The largest "territory conflict" and "territoriality" in Iraq, between the Kurds and the central government is current because present official areas Kurdish-controlled, not including all Kurdish territory. This study has shown that the difference between the central government and the regions subsidiaries is mostly due of "The difference in authority between the central government and regional government," "the problem of coexistence between the ethnic and religious groups," "disputes over surface and subsurface resources" and finally "political development". But the dispute over "Kirkuk" is more important than the other differences.

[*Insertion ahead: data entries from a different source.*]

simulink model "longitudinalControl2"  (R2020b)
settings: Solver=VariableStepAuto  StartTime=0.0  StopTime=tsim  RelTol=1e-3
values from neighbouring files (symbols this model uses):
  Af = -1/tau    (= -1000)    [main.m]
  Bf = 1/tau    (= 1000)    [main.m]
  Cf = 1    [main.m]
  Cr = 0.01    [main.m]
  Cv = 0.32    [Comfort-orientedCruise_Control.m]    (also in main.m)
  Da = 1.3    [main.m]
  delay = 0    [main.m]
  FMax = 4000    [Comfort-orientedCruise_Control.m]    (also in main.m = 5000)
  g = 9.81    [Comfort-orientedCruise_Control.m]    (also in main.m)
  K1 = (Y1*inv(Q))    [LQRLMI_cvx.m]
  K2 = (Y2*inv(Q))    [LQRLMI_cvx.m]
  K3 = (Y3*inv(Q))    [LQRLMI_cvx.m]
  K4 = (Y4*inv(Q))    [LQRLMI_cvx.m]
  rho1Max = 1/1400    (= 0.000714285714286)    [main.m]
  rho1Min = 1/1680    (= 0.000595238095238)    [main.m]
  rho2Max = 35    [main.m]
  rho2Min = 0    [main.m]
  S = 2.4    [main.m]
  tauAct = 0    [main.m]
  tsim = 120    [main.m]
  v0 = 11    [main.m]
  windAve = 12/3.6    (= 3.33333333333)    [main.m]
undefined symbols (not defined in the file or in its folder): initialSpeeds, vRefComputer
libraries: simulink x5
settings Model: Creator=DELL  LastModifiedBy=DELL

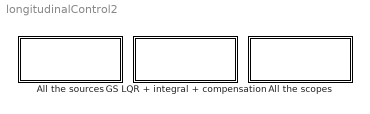
== system longitudinalControl2 ==
  All the scopes : Subsystem
  All the sources : Subsystem
  GS LQR + integral + compensation : Subsystem

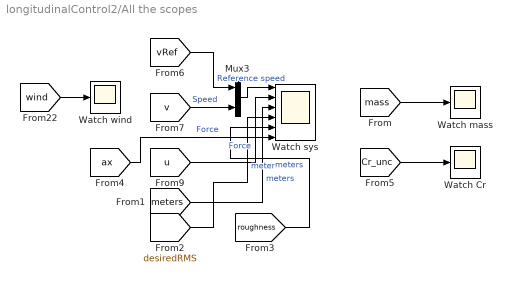
== system longitudinalControl2/All the scopes ==
  Mux3 : Mux  Inputs=2
  Watch Cr : Scope
  Watch mass : Scope
  Watch sys : Scope  NumInputPorts=6
  Watch wind : Scope
  wires:
  [vRef] -> Mux3/1  "Reference speed"
  Mux3/1 -> Watch sys/1
  [v] -> Mux3/2  "Speed"
  [u] -> Watch sys/2  "Force"
  [wind] -> Watch wind/1
  [meters] -> Watch sys/3  "meters"
  [desiredRMS] -> Watch sys/4  "meters"
  [roughness] -> Watch sys/5  "meters"
  [ax] -> Watch sys/6  "Force"
  [mass] -> Watch mass/1
  [Cr_unc] -> Watch Cr/1

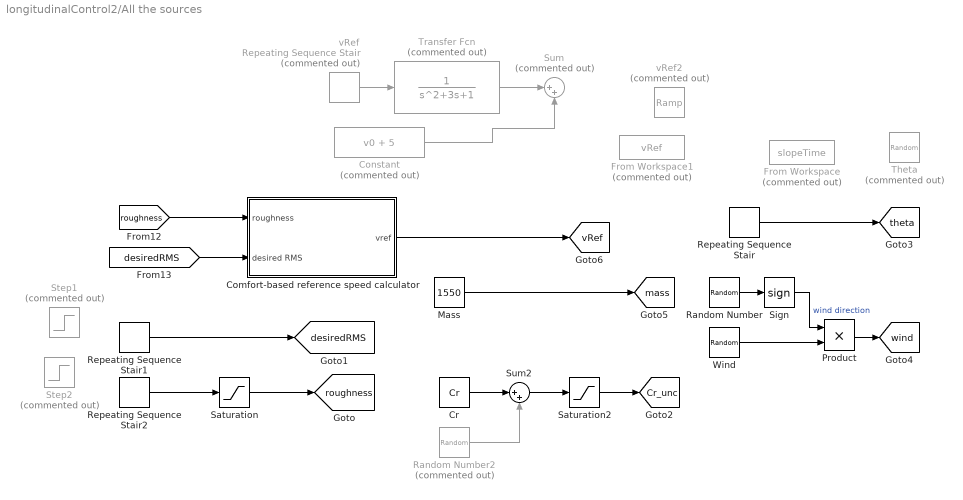
== system longitudinalControl2/All the sources ==
  Comfort-based reference speed calculator : Subsystem
  Constant : Constant  Commented=on  Value=v0 + 5
  Cr : Constant  Value=Cr
  From Workspace : FromWorkspace  Commented=on  VariableName=slopeTime
  From Workspace1 : FromWorkspace  Commented=on  VariableName=vRef
  Mass : Constant  Value=1550
  Product : Product
  Random Number : RandomNumber  Variance=0.1  SampleTime=1
  Random Number2 : RandomNumber  Commented=on  Variance=0.0000005  SampleTime=5
  Repeating Sequence Stair : simulink/Sources/Repeating Sequence Stair  OutValues=(pi/1800)*[0 3 6 3 0 -3 -6 -3].'  tsamp=0.5  OutMin=[]  OutMax=[]  OutDataTypeStr=double  OutputDataTypeScalingMode=double  OutDataType=fixdt(0,8)  ConRadixGroup=Best Precision: Vector-wise  OutScaling=2^-12
  Repeating Sequence Stair1 : simulink/Sources/Repeating Sequence Stair  OutValues=[0.3 0.2 0.2 0.4 0.3] + [0.2 0.4 0.4 0.3 0.2]*0  tsamp=tsim/5  OutMin=[]  OutMax=[]  OutDataTypeStr=double  OutputDataTypeScalingMode=double  OutDataType=fixdt(0,8)  ConRadixGroup=Best Precision: Vector-wise  OutScaling=2^-12
  Repeating Sequence Stair2 : simulink/Sources/Repeating Sequence Stair  OutValues=1e-6*[30 30 3 3 30] + 1e-6*[3 3 30 30 3]*0  tsamp=tsim/5  OutMin=[]  OutMax=[]  OutDataTypeStr=double  OutputDataTypeScalingMode=double  OutDataType=fixdt(0,8)  ConRadixGroup=Best Precision: Vector-wise  OutScaling=2^-12
  Saturation : Saturate  UpperLimit=1617e-6  LowerLimit=0
  Saturation2 : Saturate  UpperLimit=0.012  LowerLimit=0.008
  Sign : Signum
  Step1 : Step  Commented=on  Time=tsim/3  Before=0.2  After=0.3  SampleTime=0
  Step2 : Step  Commented=on  Time=2*tsim/3  Before=5e-6*0 + 30e-6  After=20e-6*0 + 3e-6  SampleTime=0
  Sum : Sum  Commented=on  Inputs=|++
  Sum2 : Sum  Inputs=|++
  Theta : RandomNumber  Commented=on  Variance=0.1  SampleTime=0.1
  Transfer Fcn : TransferFcn  Commented=on  Denominator=[1 3 1]
  Wind : RandomNumber  Mean=windAve  Variance=10  SampleTime=1
  vRef : simulink/Sources/Repeating Sequence Stair  Commented=on  OutValues=[-10 0].'  tsamp=40  OutMin=[]  OutMax=[]  OutDataTypeStr=double  OutputDataTypeScalingMode=double  OutDataType=fixdt(0,8)  ConRadixGroup=Best Precision: Vector-wise  OutScaling=2^-12
  vRef2 : simulink/Sources/Ramp  Commented=on  slope=0.5  start=0  InitialOutput=0
  tag scope: Cr_unc=global, desiredRMS=global, mass=global, roughness=global, theta=global, vRef=global, wind=global
  wires:
  Random Number/1 -> Sign/1
  Wind/1 -> Product/2
  Sign/1 -> Product/1  "wind direction"
  Product/1 -> [wind]
  Repeating Sequence Stair/1 -> [theta]
  Transfer Fcn/1 -> Sum/1
  vRef/1 -> Transfer Fcn/1
  Constant/1 -> Sum/2
  [desiredRMS] -> Comfort-based reference speed calculator/2(desired RMS)
  [roughness] -> Comfort-based reference speed calculator/1(roughness)
  Saturation/1 -> [roughness]
  Repeating Sequence Stair1/1 -> [desiredRMS]
  Repeating Sequence Stair2/1 -> Saturation/1
  Comfort-based reference speed calculator/1(vref) -> [vRef]
  Mass/1 -> [mass]
  Cr/1 -> Sum2/1
  Sum2/1 -> Saturation2/1
  Saturation2/1 -> [Cr_unc]
  Random Number2/1 -> Sum2/2

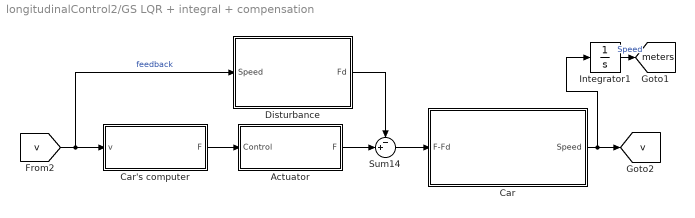
== system longitudinalControl2/GS LQR + integral + compensation ==
  Actuator : Subsystem
  Car : Subsystem
  Car's computer : Subsystem
  Disturbance : Subsystem
  Integrator1 : Integrator
  Sum14 : Sum  Inputs=-+|
  tag scope: meters=global, v=global
  wires:
  Disturbance/1(Fd) -> Sum14/1
  [v] -> Disturbance/1(Speed), Car's computer/1(v)  "feedback"
  Actuator/1(F) -> Sum14/2
  Sum14/1 -> Car/1("F-Fd ")
  Car's computer/1(F) -> Actuator/1(Control)
  Integrator1/1 -> [meters]  "Speed"
  Car/1(Speed) -> Integrator1/1, [v]

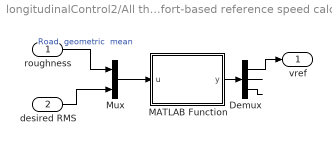
== system longitudinalControl2/All the sources/Comfort-based reference speed calculator ==
  roughness : Inport
  desired RMS : Inport  Port=2
  Demux : Demux  Outputs=3
  MATLAB Function : MATLAB Function  TreatAsAtomicUnit=on
  Mux : Mux  Inputs=2
  vref : Outport  VectorParamsAs1DForOutWhenUnconnected=off
  wires:
  Mux/1 -> MATLAB Function/1(u)
  MATLAB Function/1(y) -> Demux/1
  Demux/2 -> ?
  Demux/3 -> ?
  Demux/1 -> vref/1
  roughness/1 -> Mux/1  "Road  geometric  mean"
  desired RMS/1 -> Mux/2

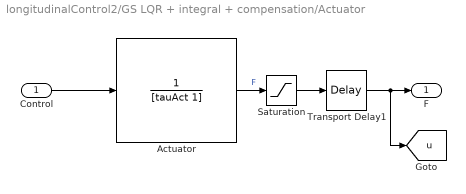
== system longitudinalControl2/GS LQR + integral + compensation/Actuator ==
  Control : Inport
  Actuator : TransferFcn  Denominator=[tauAct 1]
  Saturation : Saturate  UpperLimit=FMax  LowerLimit=-FMax
  Transport Delay1 : TransportDelay  DelayTime=delay
  F : Outport  VectorParamsAs1DForOutWhenUnconnected=off
  tag scope: u=global
  wires:
  Control/1 -> Actuator/1
  Saturation/1 -> Transport Delay1/1
  Actuator/1 -> Saturation/1  "F"
  Transport Delay1/1 -> [u], F/1

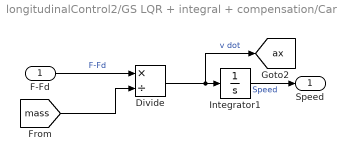
== system longitudinalControl2/GS LQR + integral + compensation/Car ==
  "F-Fd " : Inport
  Divide : Product  Inputs=*/
  Integrator1 : Integrator  InitialCondition=v0
  Speed : Outport  VectorParamsAs1DForOutWhenUnconnected=off
  tag scope: ax=global
  wires:
  Divide/1 -> [ax], Integrator1/1  "v dot"
  "F-Fd "/1 -> Divide/1  "F-Fd"
  [mass] -> Divide/2
  Integrator1/1 -> Speed/1  "Speed"

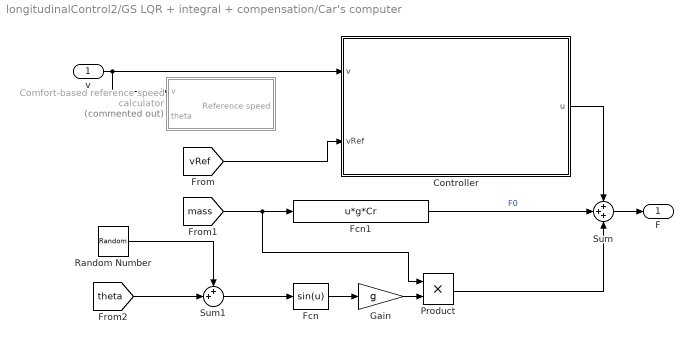
== system longitudinalControl2/GS LQR + integral + compensation/Car's computer ==
  v : Inport
  Comfort-based reference speed calculator : Subsystem  Commented=on
  Controller : Subsystem
  Fcn : Fcn  Expr=sin(u)
  Fcn1 : Fcn  Expr=u*g*Cr
  Gain : Gain  Gain=g
  Product : Product
  Random Number : RandomNumber  Variance=0.00001  SampleTime=0.1
  Sum : Sum  Inputs=+++
  Sum1 : Sum  Inputs=++|
  F : Outport  VectorParamsAs1DForOutWhenUnconnected=off
  wires:
  v/1 -> Comfort-based reference speed calculator/1(v), Controller/1(v)
  [vRef] -> Controller/2(vRef)
  Controller/1(u) -> Sum/1
  Sum/1 -> F/1
  [mass] -> Product/1, Fcn1/1
  Fcn/1 -> Gain/1
  Fcn1/1 -> Sum/2  "F0"
  Gain/1 -> Product/2
  [theta] -> Sum1/2
  Sum1/1 -> Fcn/1
  Random Number/1 -> Sum1/1
  Product/1 -> Sum/3

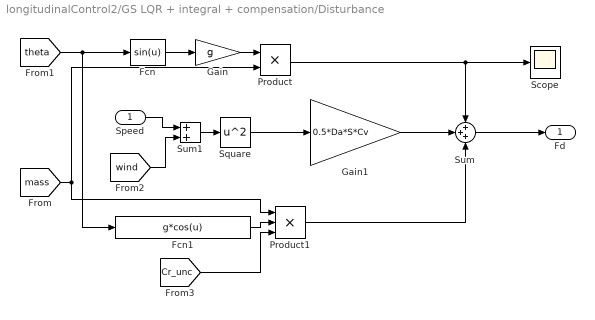
== system longitudinalControl2/GS LQR + integral + compensation/Disturbance ==
  Speed : Inport
  Fcn : Fcn  Expr=sin(u)
  Fcn1 : Fcn  Expr=g*cos(u)
  Gain : Gain  Gain=g
  Gain1 : Gain  Gain=0.5*Da*S*Cv
  Product : Product
  Product1 : Product  Inputs=3
  Scope : Scope
  Square : Math  Operator=square  SignedPower=on  SaturateOnIntegerOverflow=on
  Sum : Sum  Inputs=+++
  Sum1 : Sum
  Fd : Outport  VectorParamsAs1DForOutWhenUnconnected=off
  wires:
  [wind] -> Sum1/2
  Product1/1 -> Sum/3
  Fcn1/1 -> Product1/2
  [mass] -> Product/2, Product1/1
  Gain/1 -> Product/1
  Product/1 -> Sum/1, Scope/1
  Speed/1 -> Sum1/1
  Sum1/1 -> Square/1
  Fcn/1 -> Gain/1
  Sum/1 -> Fd/1
  Gain1/1 -> Sum/2
  Square/1 -> Gain1/1
  [theta] -> Fcn/1, Fcn1/1
  [Cr_unc] -> Product1/3

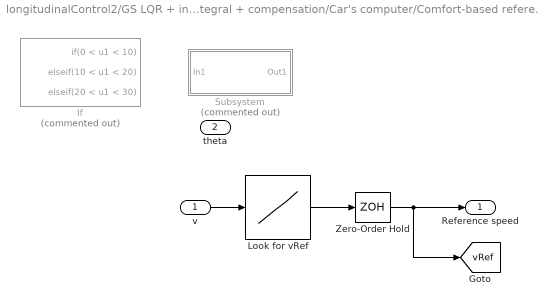
== system longitudinalControl2/GS LQR + integral + compensation/Car's computer/Comfort-based reference speed calculator ==
  v : Inport
  theta : Inport  Port=2
  If : If  Commented=on  IfExpression=0 < u1 < 10  ElseIfExpressions=10 < u1 < 20, 20 < u1 < 30  ShowElse=off
  Look for vRef : Lookup_n-D  NumberOfTableDimensions=1  BreakpointsForDimension1=initialSpeeds  BreakpointsForDimension2=initialSpeeds  Table=vRefComputer(:, 1)  InternalRulePriority=Speed  RndMeth=Simplest  InputSameDT=on
  Subsystem : Subsystem  Commented=on
  Zero-Order Hold : ZeroOrderHold  SampleTime=10
  Reference speed : Outport  VectorParamsAs1DForOutWhenUnconnected=off
  tag scope: vRef=global
  wires:
  v/1 -> Look for vRef/1
  Look for vRef/1 -> Zero-Order Hold/1
  Zero-Order Hold/1 -> [vRef], Reference speed/1

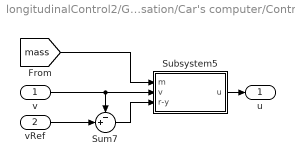
== system longitudinalControl2/GS LQR + integral + compensation/Car's computer/Controller ==
  v : Inport
  vRef : Inport  Port=2
  Subsystem5 : Subsystem
  Sum7 : Sum  Inputs=-+|
  u : Outport  VectorParamsAs1DForOutWhenUnconnected=off
  wires:
  vRef/1 -> Sum7/2
  v/1 -> Subsystem5/2(v), Sum7/1
  Subsystem5/1(u) -> u/1
  [mass] -> Subsystem5/1(m)
  Sum7/1 -> Subsystem5/3(r-y)

== system longitudinalControl2/GS LQR + integral + compensation/Car's computer/Comfort-based reference speed calculator/Subsystem ==
  In1 : Inport
  Out1 : Outport  VectorParamsAs1DForOutWhenUnconnected=off

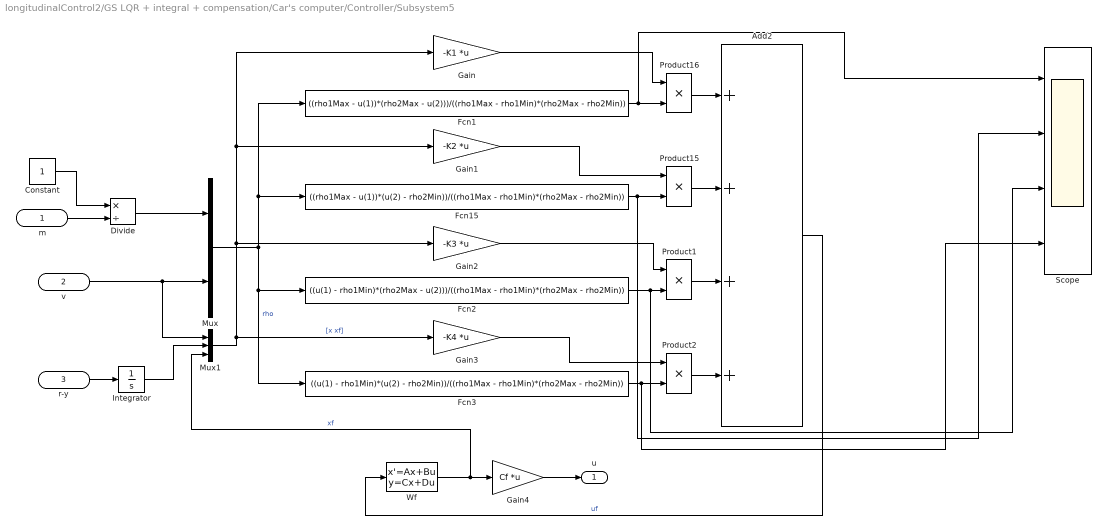
== system longitudinalControl2/GS LQR + integral + compensation/Car's computer/Controller/Subsystem5 ==
  m : Inport
  v : Inport  Port=2
  r-y : Inport  Port=3
  Add2 : Sum  Inputs=++++
  Constant : Constant
  Divide : Product  Inputs=*/
  Fcn1 : Fcn  Expr=((rho1Max - u(1))*(rho2Max - u(2)))/((rho1Max - rho1Min)*(rho2Max - rho2Min))
  Fcn15 : Fcn  Expr=((rho1Max - u(1))*(u(2) - rho2Min))/((rho1Max - rho1Min)*(rho2Max - rho2Min))
  Fcn2 : Fcn  Expr=((u(1) - rho1Min)*(rho2Max - u(2)))/((rho1Max - rho1Min)*(rho2Max - rho2Min))
  Fcn3 : Fcn  Expr=((u(1) - rho1Min)*(u(2) - rho2Min))/((rho1Max - rho1Min)*(rho2Max - rho2Min))
  Gain : Gain  Gain=-K1  Multiplication=Matrix(K*u) (u vector)
  Gain1 : Gain  Gain=-K2  Multiplication=Matrix(K*u) (u vector)
  Gain2 : Gain  Gain=-K3  Multiplication=Matrix(K*u) (u vector)
  Gain3 : Gain  Gain=-K4  Multiplication=Matrix(K*u) (u vector)
  Gain4 : Gain  Gain=Cf  Multiplication=Matrix(K*u) (u vector)
  Integrator : Integrator
  Mux : Mux  Inputs=2
  Mux1 : Mux  Inputs=3
  Product{1..2,15..16} (4 alike) : Product  RndMeth=Zero
  Scope : Scope  NumInputPorts=4
  Wf : StateSpace  A=Af  B=Bf  D=0  InitialCondition=0
  u : Outport  VectorParamsAs1DForOutWhenUnconnected=off
  wires:
  Gain/1 -> Product16/1
  Gain1/1 -> Product15/1
  Product15/1 -> Add2/2
  Product16/1 -> Add2/1
  Fcn15/1 -> Scope/2, Product15/2
  Fcn1/1 -> Scope/1, Product16/2
  Gain2/1 -> Product1/1
  Product1/1 -> Add2/3
  Fcn2/1 -> Scope/3, Product1/2
  Gain3/1 -> Product2/1
  Product2/1 -> Add2/4
  Fcn3/1 -> Scope/4, Product2/2
  v/1 -> Mux1/1, Mux/2
  Mux/1 -> Fcn1/1, Fcn15/1, Fcn3/1, Fcn2/1  "rho"
  Divide/1 -> Mux/1
  m/1 -> Divide/2
  Constant/1 -> Divide/1
  Integrator/1 -> Mux1/2
  r-y/1 -> Integrator/1
  Mux1/1 -> Gain3/1, Gain/1, Gain1/1, Gain2/1  "[x xf]"
  Wf/1 -> Mux1/3, Gain4/1  "xf"
  Gain4/1 -> u/1
  Add2/1 -> Wf/1  "uf"

== matlab function longitudinalControl2/All the sources/Comfort-based reference speed calculator/MATLAB Function ==
  data: u input; y output
function y = fcn(u)
poli_road_A =[-2.810588227248419e+05,6.169326456562061e+05,-5.532877354090116e+05,2.592697706189919e+05,-6.700633721138796e+04,9.126098470124590e+03,-4.908206795592492e+02,17.034337618461410];
poli_road_B=[-2.918464207163787e+03,1.256660289518003e+04,-2.213392570093140e+04,2.042007729169009e+04,-1.043888402402951e+04,2.839027450728016e+03,-3.194031408439325e+02,20.363551425734784];
poli_road_C=[-20.580699008933195,1.768188289251797e+02,-6.209471832216163e+02,1.140851851658809e+03,-1.158899742214876e+03,6.230583939060465e+02,-1.343821697265132e+02,17.843722322086556];
poli_road_D=[-0.189767159734969,3.220641909579672,-22.334773208111000,81.060950477925270,-1.629224058712685e+02,1.740926522486322e+02,-76.471563472280050,19.565680049932546];
rho=u(1);
comf=u(2);
vref=0;
if (0 <= rho) & (rho <= 6.3e-6)
   vref=polyval(poli_road_A,comf);
elseif (12.3e-6 < rho) & (rho <= 25.3e-6)
    vref=polyval(poli_road_B,comf);
elseif (25.3e-6 < rho) & (rho <= 101.1e-6)
    vref=polyval(poli_road_C,comf);
elseif (101.1e-6 < rho) & (rho <= 404.3e-6)
    vref=polyval(poli_road_D,comf);
end
y=[vref;rho;comf];

The current situation with regard to the geographical characteristics and demographic combination of Iraq, Kurds have most strongest and most organized military force and Administrative institutions are in the country and the privileges and powers of the federal system benefit. Whereas Turkmen has a population is low and somewhat fragmented and lacks powerful national parties such as the Kurds are. The role of "Sunni Arab" also in the state is less than the Kurds and the roles of “Sunni Arab” also in the state is less than the Kurds and are lacks geographical and structural unity of Kurdish. "Arabs Shia," also despite the best geopolitical position resulting from access to free seas, adjacent to Iran, overpopulation and southern provinces homogeneous and having the oil rich resources south, is confronted with several problems such as the growing
Three factors "territory", "ethnicity" and "politics" played a major role in the formation and self-determination territory conflicts and territoriality will have in the north of Iraq. For example, the Kurdistan Regional State consistently on several issues in oil and gas sphere with central State has had disagreement and conflict Such as: "The difference in terms of oil and gas law in Iraq", "different interpretations of the constitution," "how the distribution of oil revenues," "Disagreement the introduction of state oil and gas fields" and "border disputes in the oil-rich regions, particularly in Kirkuk”. The Kurdistan Regional Government in keeping with "territoriality the Kirkuk" to have taken actions such as: Kurds to return to the "the Kirkuk" and venture contracts in the oil and gas producing in the squares located in the "the Kirkuk" and "Mosul." But the eventual reunification "Kirkuk" Kurdistan, detrimental to the Sunni Arabs enclosed area without oil would be and opposing them up will have sought. Even Shia Arabs in the south and central government also are opposed with incorporation of "Kirkuk" to Kurdistan and it is to the detriment of national and local interests their and cause to increase powers knows Kurdistan Regional. In this regard, the provisions of the Iraqi constitution, such as the lack of enforcement of Article 140 of constitution and failure to resolve the conflict areas of Kurds, Arabs and Turkmens by the Federal Supreme Court has a special place. Because "Kurdistan Regional" is the only federal department in Iraq and this point is effective in causing imbalance power and unequal relations of between Iraq's ethnic groups during territorial conflicts.